# Panama City piers



## Fool4fishin (Nov 1, 2016)

A large family outting of about 20 people heading to Panama city for 3days around the last wk of June. We want to go fishing on one of the piers. Which one is the best as far as kid friendly and productivity? Also is there a specific species to target this time of year?


----------



## Walton County (Aug 23, 2016)

The county pier has more locals on it. The City Pier(Pier Park) has more tourists on it. That said, they are one in the same with regards to fishing quality. If i were taking kids, I would fish the city pier. 
This time of the year its basically, kings early in the morning and late in the evening. Spanish, bluefish, and lady fish scattered through the day.
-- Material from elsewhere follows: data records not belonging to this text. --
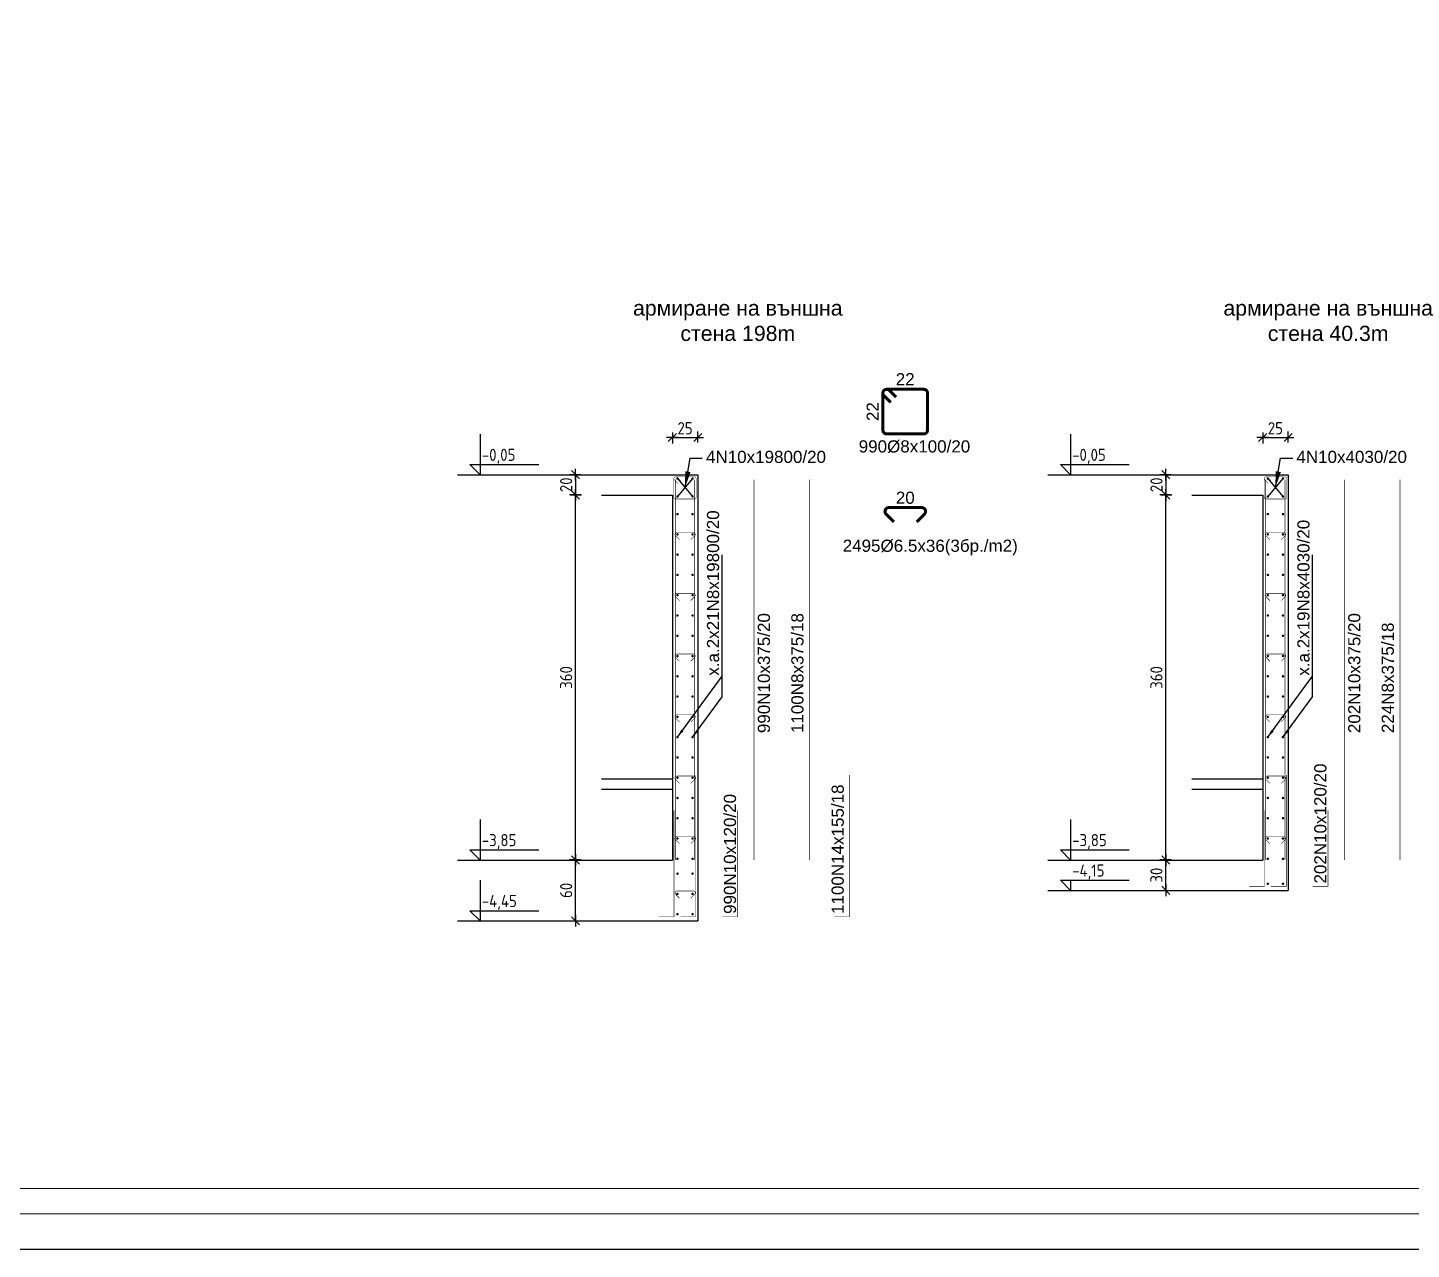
# Model space of a CAD drawing. Header units: millimetres. Extents: x 879 to 91735, y -13728 to 454.
# Drawn here: x 11465 to 12829, y -13728 to -12524 of the extents above; entities that cross this region are included whole.
import ezdxf

# ---------------------------------------------------------------- set-up
doc = ezdxf.new("R2010")
doc.units = ezdxf.units.MM
for name, color, linetype, lineweight in [('0_txt', 7, 'Continuous', 18), ('1K_koti_razrezi', 3, 'Continuous', 25), ('1K_text-koloni', 3, 'Continuous', 35), ('TABLICA', 40, 'Continuous', 30)]:
    doc.layers.add(name, color=color, linetype=linetype, lineweight=lineweight)
for name, color, linetype in [('1K_SHA', 134, 'Continuous'), ('k_arm', 40, 'Continuous'), ('k_dim_arm', 54, 'Continuous'), ('KTX', 1, 'Continuous'), ('KTXTXT', 4, 'Continuous')]:
    doc.layers.add(name, color=color, linetype=linetype)
doc.styles.add('ARIAL', font='ARIAL.TTF')
doc.styles.add('DIM', font='romans.shx', dxfattribs={"width": 0.85})
doc.styles.get("Standard").update_dxf_attribs({"font": 'TAHOMA.TTF'})
doc.styles.add('Z1', font='ARIAL.TTF')
doc.dimstyles.new('k_', dxfattribs={"dimscale": 4, "dimtxt": 3, "dimasz": 2, "dimexe": 1.25, "dimexo": 1, "dimtad": 1, "dimdec": 1, "dimrnd": 0.5, "dimtxsty": 'Standard', "dimblk": 'ARCHTICK', "dimcen": 2.5, "dimdle": 1, "dimclrd": 8, "dimclre": 8, "dimclrt": 256, "dimadec": 1, "dimazin": 0, "dimtfac": 1, "dimtdec": 1, "dimtix": 1, "dimtmove": 0, "dimatfit": 3, "dimfxl": 0, "dimarcsym": 0})
doc.dimstyles.new('k_armx0.5', dxfattribs={"dimscale": 5, "dimtxt": 2.4, "dimasz": 1.125, "dimexe": 1.25, "dimexo": 1.2, "dimgap": 0.8, "dimtad": 1, "dimdec": 1, "dimlfac": 0.5, "dimrnd": 0.5, "dimtxsty": 'Standard', "dimblk": 'ARCHTICK', "dimcen": 2.5, "dimse1": 1, "dimse2": 1, "dimsd1": 1, "dimsd2": 1, "dimclrd": 9, "dimclre": 8, "dimclrt": 256, "dimadec": 1, "dimazin": 0, "dimtfac": 1, "dimtdec": 1, "dimtix": 1, "dimtofl": 0, "dimtmove": 2, "dimatfit": 3, "dimfxl": 0, "dimarcsym": 0})
doc.dimstyles.new('k_zoni', dxfattribs={"dimscale": 4, "dimtxt": 2.5, "dimasz": 4, "dimexe": 0, "dimexo": 0, "dimtad": 1, "dimdec": 1, "dimrnd": 1, "dimtxsty": 'Standard', "dimcen": 2.5, "dimse1": 1, "dimse2": 1, "dimclrd": 256, "dimclre": 8, "dimclrt": 256, "dimadec": 1, "dimazin": 0, "dimtfac": 1, "dimtdec": 1, "dimtix": 1, "dimtmove": 0, "dimatfit": 3, "dimfxl": 0, "dimarcsym": 0})
doc.dimstyles.new('RAZR1', dxfattribs={"dimtxt": 12, "dimasz": 1, "dimexe": 0.3, "dimexo": 0, "dimgap": 0, "dimtad": 0, "dimrnd": 0.1, "dimzin": 14, "dimdsep": 46, "dimtxsty": 'DIM', "dimblk": 'DIM2', "dimcen": 0.09, "dimse1": 1, "dimse2": 1, "dimclrd": 256, "dimclre": 256, "dimclrt": 41, "dimadec": 8, "dimazin": 0, "dimtfac": 2.307692, "dimtix": 1, "dimtmove": 2, "dimatfit": 3, "dimldrblk": 'DIM2', "dimfxl": 0, "dimtvp": 0.769231, "dimtolj": 1, "dimtzin": 14, "dimarcsym": 0})

# ---------------------------------------------------------------- blocks, each defined once
blk = doc.blocks.new('DIM2')
for p, q in [((-5.7, 0), (5.7, 0)), ((4, 4), (-4, -4)), ((0, -5), (0, 6))]:
    blk.add_line(p, q)
blk = doc.blocks.new('*D1732')
at = {"layer": '1K_koti_razrezi', "lineweight": -2}
blk.add_line((12005.1, -13403.4), (12005.1, -13345.4), dxfattribs=at)
at = {"layer": 'Defpoints', "color": 0}
for p in [(12005.1, -13344.4), (12030.7, -13344.4), (12030.7, -13404.4)]:
    blk.add_point(p, dxfattribs=at)
at = {"layer": '1K_koti_razrezi', "lineweight": -2}
for p, rotation in [((12005.1, -13344.4), 90), ((12005.1, -13404.4), 270)]:
    blk.add_blockref('DIM2', p, dxfattribs=dict(at, rotation=rotation))
at = {"layer": '1K_koti_razrezi', "color": 41, "insert": (11995.9, -13374.4), "char_height": 12, "attachment_point": 5, "rotation": 90, "style": 'DIM'}
blk.add_mtext('\\A1;60', dxfattribs=at)
blk = doc.blocks.new('*D1733')
at = {"layer": '1K_koti_razrezi', "lineweight": -2}
blk.add_line((12005.1, -12965.4), (12005.1, -12983.4), dxfattribs=at)
at = {"layer": 'Defpoints', "color": 0}
for p in [(12030.7, -12964.4), (12005.1, -12984.4), (12030.7, -12984.4)]:
    blk.add_point(p, dxfattribs=at)
at = {"layer": '1K_koti_razrezi', "lineweight": -2}
for p, rotation in [((12005.1, -12964.4), 90), ((12005.1, -12984.4), 270)]:
    blk.add_blockref('DIM2', p, dxfattribs=dict(at, rotation=rotation))
at = {"layer": '1K_koti_razrezi', "color": 41, "insert": (11995.9, -12974.4), "char_height": 12, "attachment_point": 5, "rotation": 90, "style": 'DIM'}
blk.add_mtext('\\A1;20', dxfattribs=at)
blk = doc.blocks.new('*D1734')
at = {"layer": '1K_koti_razrezi', "lineweight": -2}
blk.add_line((12005.1, -13343.4), (12005.1, -12985.4), dxfattribs=at)
at = {"layer": 'Defpoints', "color": 0}
for p in [(12005.1, -12984.4), (12030.7, -12984.4), (12030.7, -13344.4)]:
    blk.add_point(p, dxfattribs=at)
at = {"layer": '1K_koti_razrezi', "lineweight": -2}
for p, rotation in [((12005.1, -12984.4), 90), ((12005.1, -13344.4), 270)]:
    blk.add_blockref('DIM2', p, dxfattribs=dict(at, rotation=rotation))
at = {"layer": '1K_koti_razrezi', "color": 41, "insert": (11995.9, -13164.4), "char_height": 12, "attachment_point": 5, "rotation": 90, "style": 'DIM'}
blk.add_mtext('\\A1;360', dxfattribs=at)
blk = doc.blocks.new('*D1737')
at = {"layer": '1K_koti_razrezi', "lineweight": -2}
blk.add_line((12101.7, -12927.8), (12124.7, -12927.8), dxfattribs=at)
at = {"layer": 'Defpoints', "color": 0}
for p in [(12125.7, -12927.8), (12125.7, -12964.4), (12100.7, -12984.4)]:
    blk.add_point(p, dxfattribs=at)
at = {"layer": '1K_koti_razrezi', "lineweight": -2}
blk.add_blockref('DIM2', (12125.7, -12927.8), dxfattribs=at)
at = {"layer": '1K_koti_razrezi', "lineweight": -2, "rotation": 180}
blk.add_blockref('DIM2', (12100.7, -12927.8), dxfattribs=at)
at = {"layer": '1K_koti_razrezi', "color": 41, "insert": (12113.2, -12918.6), "char_height": 12, "attachment_point": 5, "style": 'DIM'}
blk.add_mtext('\\A1;25', dxfattribs=at)
blk = doc.blocks.new('*D1741')
at = {"layer": 'Defpoints', "color": 0}
for p in [(12312.1, -12880.2), (12308.3, -12924.2), (12312.1, -12924.2)]:
    blk.add_point(p, dxfattribs=at)
at = {"layer": 'k_dim_arm', "insert": (12298.3, -12902.2), "char_height": 12, "attachment_point": 5, "rotation": 90, "style": 'ARIAL'}
blk.add_mtext('22', dxfattribs=at)
blk = doc.blocks.new('_ARCHTICK')
at = {"color": 0, "linetype": 'ByBlock', "const_width": 0.15}
blk.add_lwpolyline([(-0.5, -0.5), (0.5, 0.5)], dxfattribs=at)
blk = doc.blocks.new('*D1742')
at = {"layer": 'Defpoints', "color": 0}
for p in [(12352.3, -12880.2), (12308.3, -12889.9), (12352.3, -12892)]:
    blk.add_point(p, dxfattribs=at)
at = {"layer": 'k_dim_arm', "insert": (12330.3, -12870.2), "char_height": 12, "attachment_point": 5, "style": 'ARIAL'}
blk.add_mtext('22', dxfattribs=at)
blk = doc.blocks.new('*D1743')
at = {"layer": 'Defpoints', "color": 0}
for p in [(12310.4, -12997.3), (12310.4, -13000.6), (12350.4, -13000.6)]:
    blk.add_point(p, dxfattribs=at)
at = {"layer": 'k_dim_arm', "insert": (12330.4, -12987.2), "char_height": 12, "attachment_point": 5, "style": 'ARIAL'}
blk.add_mtext('20', dxfattribs=at)
blk = doc.blocks.new('*D1749')
at = {"layer": '1K_koti_razrezi', "lineweight": -2}
blk.add_line((12587.3, -13373.4), (12587.3, -13345.4), dxfattribs=at)
at = {"layer": 'Defpoints', "color": 0}
for p in [(12587.3, -13344.4), (12612.9, -13344.4), (12612.9, -13374.4)]:
    blk.add_point(p, dxfattribs=at)
at = {"layer": '1K_koti_razrezi', "lineweight": -2}
for p, rotation in [((12587.3, -13344.4), 90), ((12587.3, -13374.4), 270)]:
    blk.add_blockref('DIM2', p, dxfattribs=dict(at, rotation=rotation))
at = {"layer": '1K_koti_razrezi', "color": 41, "insert": (12578.1, -13359.4), "char_height": 12, "attachment_point": 5, "rotation": 90, "style": 'DIM'}
blk.add_mtext('\\A1;30', dxfattribs=at)
blk = doc.blocks.new('*D1750')
at = {"layer": '1K_koti_razrezi', "lineweight": -2}
blk.add_line((12587.3, -12965.4), (12587.3, -12983.4), dxfattribs=at)
at = {"layer": 'Defpoints', "color": 0}
for p in [(12612.9, -12964.4), (12587.3, -12984.4), (12612.9, -12984.4)]:
    blk.add_point(p, dxfattribs=at)
at = {"layer": '1K_koti_razrezi', "lineweight": -2}
for p, rotation in [((12587.3, -12964.4), 90), ((12587.3, -12984.4), 270)]:
    blk.add_blockref('DIM2', p, dxfattribs=dict(at, rotation=rotation))
at = {"layer": '1K_koti_razrezi', "color": 41, "insert": (12578.1, -12974.4), "char_height": 12, "attachment_point": 5, "rotation": 90, "style": 'DIM'}
blk.add_mtext('\\A1;20', dxfattribs=at)
blk = doc.blocks.new('*D1751')
at = {"layer": '1K_koti_razrezi', "lineweight": -2}
blk.add_line((12587.3, -13343.4), (12587.3, -12985.4), dxfattribs=at)
at = {"layer": 'Defpoints', "color": 0}
for p in [(12587.3, -12984.4), (12612.9, -12984.4), (12612.9, -13344.4)]:
    blk.add_point(p, dxfattribs=at)
at = {"layer": '1K_koti_razrezi', "lineweight": -2}
for p, rotation in [((12587.3, -12984.4), 90), ((12587.3, -13344.4), 270)]:
    blk.add_blockref('DIM2', p, dxfattribs=dict(at, rotation=rotation))
at = {"layer": '1K_koti_razrezi', "color": 41, "insert": (12578.1, -13164.4), "char_height": 12, "attachment_point": 5, "rotation": 90, "style": 'DIM'}
blk.add_mtext('\\A1;360', dxfattribs=at)
blk = doc.blocks.new('*D1752')
at = {"layer": '1K_koti_razrezi', "lineweight": -2}
blk.add_line((12683.9, -12927.8), (12706.9, -12927.8), dxfattribs=at)
at = {"layer": 'Defpoints', "color": 0}
for p in [(12707.9, -12927.8), (12707.9, -12964.4), (12682.9, -12984.4)]:
    blk.add_point(p, dxfattribs=at)
at = {"layer": '1K_koti_razrezi', "lineweight": -2}
blk.add_blockref('DIM2', (12707.9, -12927.8), dxfattribs=at)
at = {"layer": '1K_koti_razrezi', "lineweight": -2, "rotation": 180}
blk.add_blockref('DIM2', (12682.9, -12927.8), dxfattribs=at)
at = {"layer": '1K_koti_razrezi', "color": 41, "insert": (12695.4, -12918.6), "char_height": 12, "attachment_point": 5, "style": 'DIM'}
blk.add_mtext('\\A1;25', dxfattribs=at)

msp = doc.modelspace()

# ---------------------------------------------------------------- linework, layer by layer
at = {"layer": '0_txt'}
msp.add_lwpolyline([(7612.993, -13693.429), (13863.775, -13693.429), (13863.775, -10763.429), (7612.993, -10763.429), (7612.993, -13693.429)], dxfattribs=at)
msp.add_lwpolyline([(7637.993, -13668.429), (13838.775, -13668.429), (13838.775, -10788.429), (7637.993, -10788.429)], close=True, dxfattribs=at)
at = {"layer": '1K_koti_razrezi'}
for p, q in [((11888.704, -12964.448), (12030.662, -12964.448)), ((12470.94, -12964.448), (12612.899, -12964.448)), ((11888.704, -13344.448), (12030.662, -13344.448)), ((12470.94, -13344.448), (12612.899, -13344.448)), ((12470.94, -13374.448), (12612.899, -13374.448)), ((11888.704, -13404.448), (12030.662, -13404.448))]:
    msp.add_line(p, q, dxfattribs=at)
at = {"layer": '1K_SHA'}
for p, q in [((12030.662, -13344.448), (12100.662, -13344.448)), ((12612.899, -13344.448), (12682.899, -13344.448)), ((12612.899, -13374.448), (12707.899, -13374.448)), ((12030.662, -13404.448), (12125.662, -13404.448))]:
    msp.add_line(p, q, dxfattribs=at)
for points in [[(12030.662, -12964.448), (12125.662, -12964.448), (12125.662, -13404.448)], [(12612.899, -12964.448), (12707.899, -12964.448), (12707.899, -13374.448)], [(12030.662, -12984.448), (12100.662, -12984.448), (12100.662, -13344.448)], [(12612.899, -12984.448), (12682.899, -12984.448), (12682.899, -13344.448)], [(12030.662, -13264.448), (12100.662, -13264.448)], [(12030.662, -13274.448), (12100.662, -13274.448)], [(12612.899, -13264.448), (12682.899, -13264.448)], [(12612.899, -13274.448), (12682.899, -13274.448)]]:
    msp.add_lwpolyline(points, dxfattribs=at)
at = {"layer": 'k_arm', "color": 2}
for points, const_width in [([(12312.052, -12880.196), (12348.552, -12880.196, -0.41421356), (12352.302, -12883.946), (12352.302, -12920.446, -0.41421356), (12348.552, -12924.196), (12312.052, -12924.196, -0.41421356), (12308.302, -12920.446), (12308.302, -12883.946, -0.41421356)], 3), ([(12104.037, -12966.448), (12122.287, -12966.448, -0.41421356), (12124.162, -12968.323), (12124.162, -12986.573, -0.41421356), (12122.287, -12988.448), (12104.037, -12988.448, -0.41421356), (12102.162, -12986.573), (12102.162, -12968.323, -0.41421356)], 0.5), ([(12686.274, -12966.448), (12704.524, -12966.448, -0.41421356), (12706.399, -12968.323), (12706.399, -12986.573, -0.41421356), (12704.524, -12988.448), (12686.274, -12988.448, -0.41421356), (12684.399, -12986.573), (12684.399, -12968.323, -0.41421356)], 0.5)]:
    msp.add_lwpolyline(points, format="xyb", close=True, dxfattribs=dict(at, const_width=const_width))
for points, const_width in [([(12321.3, -12887.89), (12314.703, -12881.294, 1), (12309.4, -12886.597), (12315.996, -12893.194)], 3), ([(12108.661, -12970.295), (12105.363, -12966.997, 1), (12102.712, -12969.649), (12106.01, -12972.947)], 0.5), ([(12690.898, -12970.295), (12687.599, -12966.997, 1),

Redfish and a pompano or two on the inside.


----------



## MrFish49 (Jun 30, 2012)

City might be better for a large family outing due to the fact you have pier park if you get people who get bored. Also it will be very hot so make sure to take plenty of water and sunscreen. If it's windy the fishing will be better as well.


----------



## reelthrill (Oct 3, 2007)

Ditto what these guys said. Tarpon should be in full swing then as well.


----------



## T-Boy (Jun 15, 2009)

Get you some small spoons and let the kids catch Hardtails. They will have a ball. Try Bubble Rigs and Gotcha's as well. Go early in am in June. I would fish the City and see what is biting.


----------